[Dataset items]
====================
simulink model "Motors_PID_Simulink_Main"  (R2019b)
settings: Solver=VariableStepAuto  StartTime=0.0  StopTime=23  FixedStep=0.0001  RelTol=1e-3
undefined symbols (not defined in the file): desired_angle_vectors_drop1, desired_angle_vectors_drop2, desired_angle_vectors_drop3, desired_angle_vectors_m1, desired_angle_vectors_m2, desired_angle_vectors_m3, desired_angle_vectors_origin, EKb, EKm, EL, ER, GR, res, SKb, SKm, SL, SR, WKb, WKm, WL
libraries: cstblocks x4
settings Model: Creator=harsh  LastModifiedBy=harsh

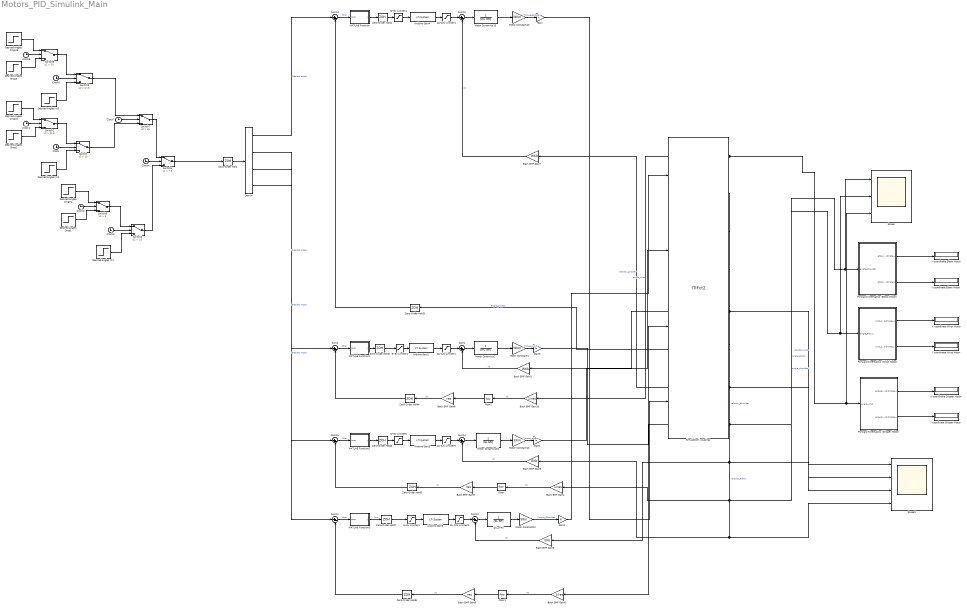
== system Motors_PID_Simulink_Main ==
  1/(Ls+R) : TransferFcn  Denominator=[SL SR]
  12/-12V Limiter{1,3..5} (4 alike) : Saturate  UpperLimit=12  LowerLimit=-12
  5/-5V Limiter{1,3..5} (4 alike) : Saturate  UpperLimit=5  LowerLimit=-5
  Arduino Gain1 : cstblocks/LTI System  sys=WOPAMP  IC=[]
  Arduino Gain3 : cstblocks/LTI System  sys=SOPAMP  IC=[]
  Arduino Gain4 : cstblocks/LTI System  sys=GOPAMP  IC=[]
  Arduino Gain5 : cstblocks/LTI System  sys=EOPAMP  IC=[]
  Back EMF Gain1 : Gain  Gain=WKb
  Back EMF Gain10 : Gain  Gain=1/res
  Back EMF Gain2 : Gain  Gain=1/res
  Back EMF Gain3 : Gain  Gain=res
  Back EMF Gain4 : Gain  Gain=1/res
  Back EMF Gain5 : Gain  Gain=res
  Back EMF Gain6 : Gain  Gain=res
  Back EMF Gain7 : Gain  Gain=WKb
  Back EMF Gain8 : Gain  Gain=SKb
  Back EMF Gain9 : Gain  Gain=EKb
  Clock{,1..7} (8 alike) : Clock
      settings: Decimation=100000
  Demux : Demux
  Desired Angles Drop1 : Step  Time=0.1  After=desired_angle_vectors_drop1  SampleTime=0
  Desired Angles Drop2 : Step  Time=0.1  After=desired_angle_vectors_drop2  SampleTime=0
  Desired Angles Drop3 : Step  Time=0.1  After=desired_angle_vectors_drop3  SampleTime=0
  Desired Angles Origin1 : Step  Time=0.1  After=desired_angle_vectors_origin  SampleTime=0
  Desired Angles Origin2 : Step  Time=0.1  After=desired_angle_vectors_origin  SampleTime=0
  Desired Angles Origin3 : Step  Time=0.1  After=desired_angle_vectors_origin  SampleTime=0
  Desired Angles m1 : Step  Time=0.1  After=desired_angle_vectors_m1  SampleTime=0
  "Desired Angles m2 " : Step  Time=0.1  After=desired_angle_vectors_m2  SampleTime=0
  Desired Angles m3 : Step  Time=0.1  After=desired_angle_vectors_m3  SampleTime=0
  Floor : Rounding
  Floor1 : Rounding
  Floor2 : Rounding
  Forward Kinematics (Elbow Motor) : MATLAB Function  TreatAsAtomicUnit=on
  Forward Kinematics (Gripper Motor) : MATLAB Function  TreatAsAtomicUnit=on
  Forward Kinematics (Wrist Motor) : MATLAB Function  TreatAsAtomicUnit=on
  Gain : Gain
  Gain1 : Gain  Gain=6
  Gain2 : Gain  Gain=6
  Gain3 : Gain  Gain=6
  MATLAB Function : MATLAB Function  TreatAsAtomicUnit=on
  MATLAB Function1 : MATLAB Function  TreatAsAtomicUnit=on
  MATLAB Function2 : MATLAB Function  TreatAsAtomicUnit=on
  MATLAB Function3 : MATLAB Function  TreatAsAtomicUnit=on
  Motor Constant1 : Gain  Gain=WKm
  Motor Constant10 : Gain  Gain=WKm
  Motor Constant12 : Gain  Gain=SKm
  Motor Constant13 : Gain  Gain=EKm
  Motor Dynamics13 : TransferFcn  Denominator=[WL GR]
  Motor Dynamics19 : TransferFcn  Denominator=[EL ER]
  Motor Dynamics2 : TransferFcn  Denominator=[WL GR]
  Scope : Scope  NumInputPorts=3
  Scope1 : Scope  NumInputPorts=4
  SimulationX coupling : S-Function  FunctionName=ITIFct2  Parameters=ip, port, ts, nIn, nOut  SFunctionDeploymentMode=off  EnableBusSupport=off  mask{ip='localhost', port=1026, ts=0.005, nIn=4, nOut=8}
      mask prompts: ip "Address: ip"; port "Port Number: port [-]"; ts "Communication Step Size: ts [s]"; nIn "Input Vector Dimension (to SimulationX): nIn [-]"; nOut "Output Vector Dimension (from SimulationX): nOut [-]"
      mask help: Coupling Element
  Sum{1..2,10..15} (8 alike) : Sum  Inputs=|+-
  Switch : Switch  Criteria=u2 > Threshold  Threshold=10
  Switch1 : Switch  Criteria=u2 > Threshold  Threshold=12.5
  Switch2 : Switch  Criteria=u2 > Threshold  Threshold=2.5
  Switch3 : Switch  Criteria=u2 > Threshold  Threshold=5
  Switch4 : Switch  Criteria=u2 > Threshold  Threshold=7.5
  Switch5 : Switch  Criteria=u2 > Threshold  Threshold=17.5
  Switch6 : Switch  Criteria=u2 > Threshold  Threshold=20
  Switch7 : Switch  Criteria=u2 > Threshold  Threshold=15
  X-coordinate Elbow Motor : Display
  X-coordinate Gripper Motor : Display
  X-coordinate Wrist Motor : Display
  Y coordinate Elbow Motor : Display
  Y coordinate Gripper Motor : Display
  Y coordinate Wrist Motor : Display
  Zero-Order Hold{,1,3..8} (8 alike) : ZeroOrderHold  SampleTime=0.0001
  Zero-Order Hold2 : ZeroOrderHold  SampleTime=-1
  wires:
  5/-5V Limiter4/1 -> Arduino Gain4/1
  Arduino Gain4/1 -> 12/-12V Limiter4/1
  Back EMF Gain7/1 -> Sum12/2  "Vb"
  Sum12/1 -> Motor Dynamics13/1
  Demux/1 -> Sum13/1  "Desired angle"
  12/-12V Limiter4/1 -> Sum12/1
  Motor Dynamics13/1 -> Motor Constant10/1  "I"
  Motor Constant10/1 -> Gain/1  "Torque_gripper"
  Sum13/1 -> MATLAB Function/1(error)  "Error"
  Sum2/1 -> MATLAB Function1/1(error)  "Error"
  12/-12V Limiter1/1 -> Sum1/1
  Motor Dynamics2/1 -> Motor Constant1/1  "I"
  Sum1/1 -> Motor Dynamics2/1
  5/-5V Limiter1/1 -> Arduino Gain1/1
  Back EMF Gain1/1 -> Sum1/2  "Vb"
  Arduino Gain1/1 -> 12/-12V Limiter1/1
  Demux/2 -> Sum2/1  "Desired angle"
  MATLAB Function2/1(y) -> Zero-Order Hold6/1
  Sum15/1 -> MATLAB Function2/1(error)  "Error"
  Motor Dynamics19/1 -> Motor Constant13/1  "I"
  Motor Constant13/1 -> Gain1/1  "Torque_elbow"
  12/-12V Limiter5/1 -> Sum14/1
  Sum14/1 -> Motor Dynamics19/1
  5/-5V Limiter5/1 -> Arduino Gain5/1
  Back EMF Gain9/1 -> Sum14/2  "Vb"
  Arduino Gain5/1 -> 12/-12V Limiter5/1
  Demux/3 -> Sum15/1  "Desired Angle"
  Back EMF Gain8/1 -> Sum10/2  "Vb"
  Motor Constant12/1 -> Gain2/1  "Torque_Shoulder"
  5/-5V Limiter3/1 -> Arduino Gain3/1
  Arduino Gain3/1 -> 12/-12V Limiter3/1
  1/(Ls+R)/1 -> Motor Constant12/1  "I"
  12/-12V Limiter3/1 -> Sum10/1
  MATLAB Function3/1(y) -> Zero-Order Hold7/1  "Tau"
  Sum11/1 -> MATLAB Function3/1(error)  "Error"
  Sum10/1 -> 1/(Ls+R)/1
  Demux/4 -> Sum11/1  "Desired Angle"
  MATLAB Function1/1(y) -> Zero-Order Hold2/1
  MATLAB Function/1(y) -> Zero-Order Hold1/1
  Zero-Order Hold/1 -> Demux/1
  Zero-Order Hold1/1 -> 5/-5V Limiter4/1
  Zero-Order Hold2/1 -> 5/-5V Limiter1/1
  Zero-Order Hold3/1 -> Sum13/2
  Zero-Order Hold4/1 -> Sum2/2
  Zero-Order Hold5/1 -> Sum15/2
  Zero-Order Hold6/1 -> 5/-5V Limiter5/1
  Zero-Order Hold7/1 -> 5/-5V Limiter3/1
  Zero-Order Hold8/1 -> Sum11/2
  SimulationX coupling/2 -> Scope1/1, Back EMF Gain1/1  "velocity_wrist"
  SimulationX coupling/1 -> Scope/3, Forward Kinematics (Gripper Motor)/1(angle_wrist), Back EMF Gain10/1  "angle_wrist"
  SimulationX coupling/3 -> Zero-Order Hold3/1  "angle_gripper"
  SimulationX coupling/4 -> Scope1/2, Back EMF Gain7/1  "velocity_gripper"
  Motor Constant1/1 -> Gain3/1  "Torque_wrist"
  SimulationX coupling/5 -> Back EMF Gain4/1, Scope/1, Forward Kinematics (Elbow Motor)/1(angle_shoulder)  "angle_shoulder"
  SimulationX coupling/6 -> Scope1/3, Back EMF Gain8/1  "velocity_shoulder"
  SimulationX coupling/7 -> Back EMF Gain2/1, Scope/2, Forward Kinematics (Wrist Motor)/1(angle_elbow)  "angle_elbow"
  SimulationX coupling/8 -> Scope1/4, Back EMF Gain9/1  "velocity_elbow"
  Gain/1 -> SimulationX coupling/4
  Gain1/1 -> SimulationX coupling/2
  Gain2/1 -> SimulationX coupling/1
  Gain3/1 -> SimulationX coupling/3
  Floor/1 -> Back EMF Gain3/1
  Back EMF Gain2/1 -> Floor/1  "Vb"
  Back EMF Gain3/1 -> Zero-Order Hold5/1  "Vb"
  Back EMF Gain4/1 -> Floor1/1  "Vb"
  Floor1/1 -> Back EMF Gain5/1
  Back EMF Gain5/1 -> Zero-Order Hold8/1  "Vb"
  Back EMF Gain6/1 -> Zero-Order Hold4/1  "Vb"
  Floor2/1 -> Back EMF Gain6/1
  Back EMF Gain10/1 -> Floor2/1  "Vb"
  Desired Angles Origin2/1 -> Switch1/1
  Desired Angles Drop3/1 -> Switch6/3
  Clock4/1 -> Switch4/2
  Switch5/1 -> Switch7/1
  Clock1/1 -> Switch1/2
  Switch6/1 -> Switch5/1
  Switch2/1 -> Switch4/3
  Desired Angles Drop1/1 -> Switch3/3
  Desired Angles m1/1 -> Switch2/3
  Switch1/1 -> Switch/1
  Clock6/1 -> Switch6/2
  Switch/1 -> Switch7/3
  Switch3/1 -> Switch2/1
  Clock2/1 -> Switch2/2
  Desired Angles Origin1/1 -> Switch3/1
  "Desired Angles m2 "/1 -> Switch/3
  Clock5/1 -> Switch5/2
  Clock/1 -> Switch/2
  Desired Angles Origin3/1 -> Switch6/1
  Desired Angles Drop2/1 -> Switch1/3
  Switch7/1 -> Switch4/1
  Clock3/1 -> Switch3/2
  Clock7/1 -> Switch7/2
  Desired Angles m3/1 -> Switch5/3
  Forward Kinematics (Elbow Motor)/1(elbow_coordinate_x) -> X-coordinate Elbow Motor/1
  Forward Kinematics (Elbow Motor)/2(elbow_coordinate_y) -> Y coordinate Elbow Motor/1
  Forward Kinematics (Wrist Motor)/2(wrist_coordinate_y) -> Y coordinate Wrist Motor/1
  Forward Kinematics (Wrist Motor)/1(wrist_coordinate_x) -> X-coordinate Wrist Motor/1
  Forward Kinematics (Gripper Motor)/1(gripper_coordinate_x) -> X-coordinate Gripper Motor/1
  Forward Kinematics (Gripper Motor)/2(gripper_coordinate_y) -> Y coordinate Gripper Motor/1
  Switch4/1 -> Zero-Order Hold/1

== matlab function Motors_PID_Simulink_Main/MATLAB Function1 ==
  settings: updateMethod=DISCRETE
  data: error input; y output
function y = fcn(error)

persistent previous_error;                  %previous error = current error for next iteration, initially set to 0;
persistent Ki_output;                        %need as persistent variable for Ki_output = Ki_output + (...)
persistent ept;                             %constant vector of exponentials (p*e^(-p*n*Ts)) where n = 1.....#of samples we want to average
persistent unweighted_differential_outputs;  %vector used for dot product with ept, shifted at each cycle. 

if isempty(previous_error)
    previous_error = 0;
end

%Trial values for testing against Built in PID block
Kp = 0.016;
Ki = 0.0000119;
Kd = 3.11914;

Ts = 0.0001;    %Controller frequency from Arduino assumed to be 10kHz.

%--------P controller part------------------
Kp_output = Kp*error;    

%---------I controller part-----------------

%Initializing Ki_output
if isempty(Ki_output)
    Ki_output = 0;
end

Ki_output = Ki_output + Ki*[(error + previous_error)/2]*Ts; %cumulative areas of trapeziums

%----------D controller part----------------
controlfreq = 10000; %Hz
filter_pole = 5000;  %big pole because we don't care much about averaging but we do care a lot about delay. (signal is not noisy)
n = 4*controlfreq/filter_pole;  %We are averaging 80 samples in this example


%Now, we initialize the ept vector (will remain constant valued throughout the program)
if isempty(ept)
    ept = zeros(1,n);
    for i = 1:n
        ept(i) = filter_pole*1.132*exp(-filter_pole*i*Ts);
    end
    %We want Ts*sum(ept) = 1 but this is not the case normally, so we have to scale the ept such that we get a sum
    %of 1. To account for discretization error, we scale it by multiplying it by 1.132 in this example. 
end

if isempty(unweighted_differential_outputs)
    unweighted_differential_outputs = zeros(1,n);
end 

unweighted_differential_outputs(1) = (error - previous_error); 
filtered_derivative = dot(ept,unweighted_differential_outputs);

Kd_output = Kd*filtered_derivative;

n2 = n+1; %n2 = 9
for count = 1:(n-1) %1:7 in this example
    unweighted_differential_outputs(n2-count) = unweighted_differential_outputs(n2 - count - 1);    %shift values by one index, and in next loop calculate one more new slope at index 1 (starting index)
end 

y = Kp_output + Ki_output + Kd_output;

previous_error = error; %this will help us move on to get new values for Ki and Kd

end

== matlab function Motors_PID_Simulink_Main/MATLAB Function ==
  settings: updateMethod=DISCRETE
  data: error input; y output
function y = fcn(error)

persistent previous_error;                  %previous error = current error for next iteration, initially set to 0;
persistent Ki_output;                        %need as persistent variable for Ki_output = Ki_output + (...)
persistent ept;                             %constant vector of exponentials (p*e^(-p*n*Ts)) where n = 1.....#of samples we want to average
persistent unweighted_differential_outputs;  %vector used for dot product with ept, shifted at each cycle. 

if isempty(previous_error)
    previous_error = 0;
end

%Trial values for testing against Built in PID block
Kp = 7.3697;
Ki = 24.525;
Kd = 0.04744;

Ts = 0.0001;    %Controller frequency from Arduino assumed to be 10kHz.

%--------P controller part------------------
Kp_output = Kp*error;    

%---------I controller part-----------------

%Initializing Ki_output
if isempty(Ki_output)
    Ki_output = 0;
end

Ki_output = Ki_output + Ki*[(error + previous_error)/2]*Ts; %cumulative areas of trapeziums

%----------D controller part----------------
controlfreq = 10000; %Hz
filter_pole = 5000;  %big pole because we don't care much about averaging but we do care a lot about delay. (signal is not noisy)
n = 4*controlfreq/filter_pole;  %We are averaging 80 samples in this example


%Now, we initialize the ept vector (will remain constant valued throughout the program)
if isempty(ept)
    ept = zeros(1,n);
    for i = 1:n
        ept(i) = filter_pole*1.132*exp(-filter_pole*i*Ts);
    end
    %We want Ts*sum(ept) = 1 but this is not the case normally, so we have to scale the ept such that we get a sum
    %of 1. To account for discretization error, we scale it by multiplying it by 1.132 in this example. 
end

if isempty(unweighted_differential_outputs)
    unweighted_differential_outputs = zeros(1,n);
end 

unweighted_differential_outputs(1) = (error - previous_error); 
filtered_derivative = dot(ept,unweighted_differential_outputs);

Kd_output = Kd*filtered_derivative;

n2 = n+1; %n2 = 9
for count = 1:(n-1) %1:7 in this example
    unweighted_differential_outputs(n2-count) = unweighted_differential_outputs(n2 - count - 1);    %shift values by one index, and in next loop calculate one more new slope at index 1 (starting index)
end 

y = Kp_output + Ki_output + Kd_output;

previous_error = error; %this will help us move on to get new values for Ki and Kd

end

== matlab function Motors_PID_Simulink_Main/MATLAB Function2 ==
  settings: updateMethod=DISCRETE
  data: error input; y output
function y = fcn(error)

persistent previous_error;                  %previous error = current error for next iteration, initially set to 0;
persistent Ki_output;                        %need as persistent variable for Ki_output = Ki_output + (...)
persistent ept;                             %constant vector of exponentials (p*e^(-p*n*Ts)) where n = 1.....#of samples we want to average
persistent unweighted_differential_outputs;  %vector used for dot product with ept, shifted at each cycle. 

if isempty(previous_error)
    previous_error = 0;
end

%Trial values for testing against Built in PID block
Kp = 0.015 %0.015;
Ki = 0.00001%0.000001;
Kd = 100%100;

Ts = 0.0001;    %Controller frequency from Arduino assumed to be 10kHz.

%--------P controller part------------------
Kp_output = Kp*error;    

%---------I controller part-----------------

%Initializing Ki_output
if isempty(Ki_output)
    Ki_output = 0;
end

Ki_output = Ki_output + Ki*[(error + previous_error)/2]*Ts; %cumulative areas of trapeziums

%----------D controller part----------------
controlfreq = 10000; %Hz
filter_pole = 5000;  %big pole because we don't care much about averaging but we do care a lot about delay. (signal is not noisy)
n = 4*controlfreq/filter_pole;  %We are averaging 80 samples in this example


%Now, we initialize the ept vector (will remain constant valued throughout the program)
if isempty(ept)
    ept = zeros(1,n);
    for i = 1:n
        ept(i) = filter_pole*1.132*exp(-filter_pole*i*Ts);
    end
    %We want Ts*sum(ept) = 1 but this is not the case normally, so we have to scale the ept such that we get a sum
    %of 1. To account for discretization error, we scale it by multiplying it by 1.132 in this example. 
end

if isempty(unweighted_differential_outputs)
    unweighted_differential_outputs = zeros(1,n);
end 

unweighted_differential_outputs(1) = (error - previous_error); 
filtered_derivative = dot(ept,unweighted_differential_outputs);

Kd_output = Kd*filtered_derivative;

n2 = n+1; %n2 = 9
for count = 1:(n-1) %1:7 in this example
    unweighted_differential_outputs(n2-count) = unweighted_differential_outputs(n2 - count - 1);    %shift values by one index, and in next loop calculate one more new slope at index 1 (starting index)
end 

y = Kp_output + Ki_output + Kd_output;

previous_error = error; %this will help us move on to get new values for Ki and Kd

end

== matlab function Motors_PID_Simulink_Main/MATLAB Function3 ==
  settings: updateMethod=DISCRETE
  data: error input; y output
function y = fcn(error)

persistent previous_error;                  %previous error = current error for next iteration, initially set to 0;
persistent Ki_output;                        %need as persistent variable for Ki_output = Ki_output + (...)
persistent ept;                             %constant vector of exponentials (p*e^(-p*n*Ts)) where n = 1.....#of samples we want to average
persistent unweighted_differential_outputs;  %vector used for dot product with ept, shifted at each cycle. 

if isempty(previous_error)
    previous_error = 0;
end

%Trial values for testing against Built in PID block
Kp = 0.46;
Ki = 0.0045;%0.45;
Kd = 0.06744;%0.06744;

Ts = 0.0001;    %Controller frequency from Arduino assumed to be 10kHz.

%--------P controller part------------------
Kp_output = Kp*error;    

%---------I controller part-----------------

%Initializing Ki_output
if isempty(Ki_output)
    Ki_output = 0;
end

Ki_output = Ki_output + Ki*[(error + previous_error)/2]*Ts; %cumulative areas of trapeziums

%----------D controller part----------------
controlfreq = 10000; %Hz
filter_pole = 5000;  %big pole because we don't care much about averaging but we do care a lot about delay. (signal is not noisy)
n = 4*controlfreq/filter_pole;  %We are averaging 80 samples in this example


%Now, we initialize the ept vector (will remain constant valued throughout the program)
if isempty(ept)
    ept = zeros(1,n);
    for i = 1:n
        ept(i) = filter_pole*1.132*exp(-filter_pole*i*Ts);
    end
    %We want Ts*sum(ept) = 1 but this is not the case normally, so we have to scale the ept such that we get a sum
    %of 1. To account for discretization error, we scale it by multiplying it by 1.132 in this example. 
end

if isempty(unweighted_differential_outputs)
    unweighted_differential_outputs = zeros(1,n);
end 

unweighted_differential_outputs(1) = (error - previous_error); 
filtered_derivative = dot(ept,unweighted_differential_outputs);

Kd_output = Kd*filtered_derivative;

n2 = n+1; %n2 = 9
for count = 1:(n-1) %1:7 in this example
    unweighted_differential_outputs(n2-count) = unweighted_differential_outputs(n2 - count - 1);    %shift values by one index, and in next loop calculate one more new slope at index 1 (starting index)
end 

y = Kp_output + Ki_output + Kd_output;

previous_error = error; %this will help us move on to get new values for Ki and Kd

end

== matlab function Motors_PID_Simulink_Main/Forward Kinematics (Elbow Motor) ==
  data: angle_shoulder input; elbow_coordinate_x output; elbow_coordinate_y output
function [elbow_coordinate_x, elbow_coordinate_y] = fcn(angle_shoulder)
angle_shoulder_deg = rad2deg(angle_shoulder);

% If the input angle is negative, make it positive for analysis by adding 360
if angle_shoulder_deg < 0
    angle_shoulder_deg = 360 + angle_shoulder_deg;
end

%conditional statements for obtaining the coordinates of the elbow and wrist motors from the angle traversed
if angle_shoulder_deg < 90
    elbow_coordinate_x = 5*cosd(angle_shoulder_deg);
    elbow_coordinate_y = 5*sind(angle_shoulder_deg);
    
elseif 90 < angle_shoulder_deg && angle_shoulder_deg < 180 %2nd quadrant - x coordinates are negative
    elbow_coordinate_x = -5*cosd(180 - angle_shoulder_deg);
    elbow_coordinate_y = 5*sind(180 - angle_shoulder_deg);
        
elseif 180 < angle_shoulder_deg && angle_shoulder_deg < 270 %3rd quadrant - x coordinates are negative
    elbow_coordinate_x = -5*cosd(angle_shoulder_deg - 180);
    elbow_coordinate_y = 5*sind(angle_shoulder_deg - 180);
   
else                                                        %4th quadrant - x coordinates are negative
    elbow_coordinate_x = 5*cosd(360 - angle_shoulder_deg);
    elbow_coordinate_y = -5*sind(360 - angle_shoulder_deg);    
end

end

== matlab function Motors_PID_Simulink_Main/Forward Kinematics (Wrist Motor) ==
  data: angle_elbow input; wrist_coordinate_x output; wrist_coordinate_y output
function [wrist_coordinate_x, wrist_coordinate_y] = fcn(angle_elbow)
angle_elbow_deg = rad2deg(angle_elbow);

% If the input angle is negative, make it positive for analysis by adding 360
if angle_elbow_deg < 0
    angle_elbow_deg = 360 + angle_elbow_deg;
end

%conditional statements for obtaining the coordinates of the elbow and wrist motors from the angle traversed
if angle_elbow_deg < 90
    wrist_coordinate_x = 4*cosd(angle_elbow_deg);
    wrist_coordinate_y = 4*sind(angle_elbow_deg);
    
elseif 90 < angle_elbow_deg && angle_elbow_deg < 180 %2nd quadrant - x coordinates are negative
    wrist_coordinate_x = -4*cosd(180 - angle_elbow_deg);
    wrist_coordinate_y = 4*sind(180 - angle_elbow_deg);
        
elseif 180 < angle_elbow_deg && angle_elbow_deg < 270 %3rd quadrant - x coordinates are negative
    wrist_coordinate_x = -4*cosd(angle_elbow_deg - 180);
    wrist_coordinate_y = 4*sind(angle_elbow_deg - 180);
   
else                                                        %4th quadrant - x coordinates are negative
    wrist_coordinate_x = 4*cosd(360 - angle_elbow_deg);
    wrist_coordinate_y = -4*sind(360 - angle_elbow_deg);    
end

end

== matlab function Motors_PID_Simulink_Main/Forward Kinematics (Gripper Motor) ==
  data: angle_wrist input; gripper_coordinate_x output; gripper_coordinate_y output
function [gripper_coordinate_x, gripper_coordinate_y] = fcn(angle_wrist)
angle_wrist_deg = rad2deg(angle_wrist);

% If the input angle is negative, make it positive for analysis by adding 360
if angle_wrist_deg < 0
    angle_wrist_deg = 360 + angle_wrist_deg;
end

%conditional statements for obtaining the coordinates of the elbow and wrist motors from the angle traversed
if angle_wrist_deg < 90
    gripper_coordinate_x = 1*cosd(angle_wrist_deg);
    gripper_coordinate_y = 1*sind(angle_wrist_deg);
    
elseif 90 < angle_wrist_deg && angle_wrist_deg < 180 %2nd quadrant - x coordinates are negative
    gripper_coordinate_x = -1*cosd(180 - angle_wrist_deg);
    gripper_coordinate_y = 1*sind(180 - angle_wrist_deg);
        
elseif 180 < angle_wrist_deg && angle_wrist_deg < 270 %3rd quadrant - x coordinates are negative
    gripper_coordinate_x = -1*cosd(angle_wrist_deg - 180);
    gripper_coordinate_y = 1*sind(angle_wrist_deg - 180);
   
else                                                        %4th quadrant - x coordinates are negative
    gripper_coordinate_x = 1*cosd(360 - angle_wrist_deg);
    gripper_coordinate_y = -1*sind(360 - angle_wrist_deg);    
end

end
====================
-- Work item --
Using the records given above, list every line that includes the word "nOut".

-- Response --
  SimulationX coupling : S-Function  FunctionName=ITIFct2  Parameters=ip, port, ts, nIn, nOut  SFunctionDeploymentMode=off  EnableBusSupport=off  mask{ip='localhost', port=1026, ts=0.005, nIn=4, nOut=8}
      mask prompts: ip "Address: ip"; port "Port Number: port [-]"; ts "Communication Step Size: ts [s]"; nIn "Input Vector Dimension (to SimulationX): nIn [-]"; nOut "Output Vector Dimension (from SimulationX): nOut [-]"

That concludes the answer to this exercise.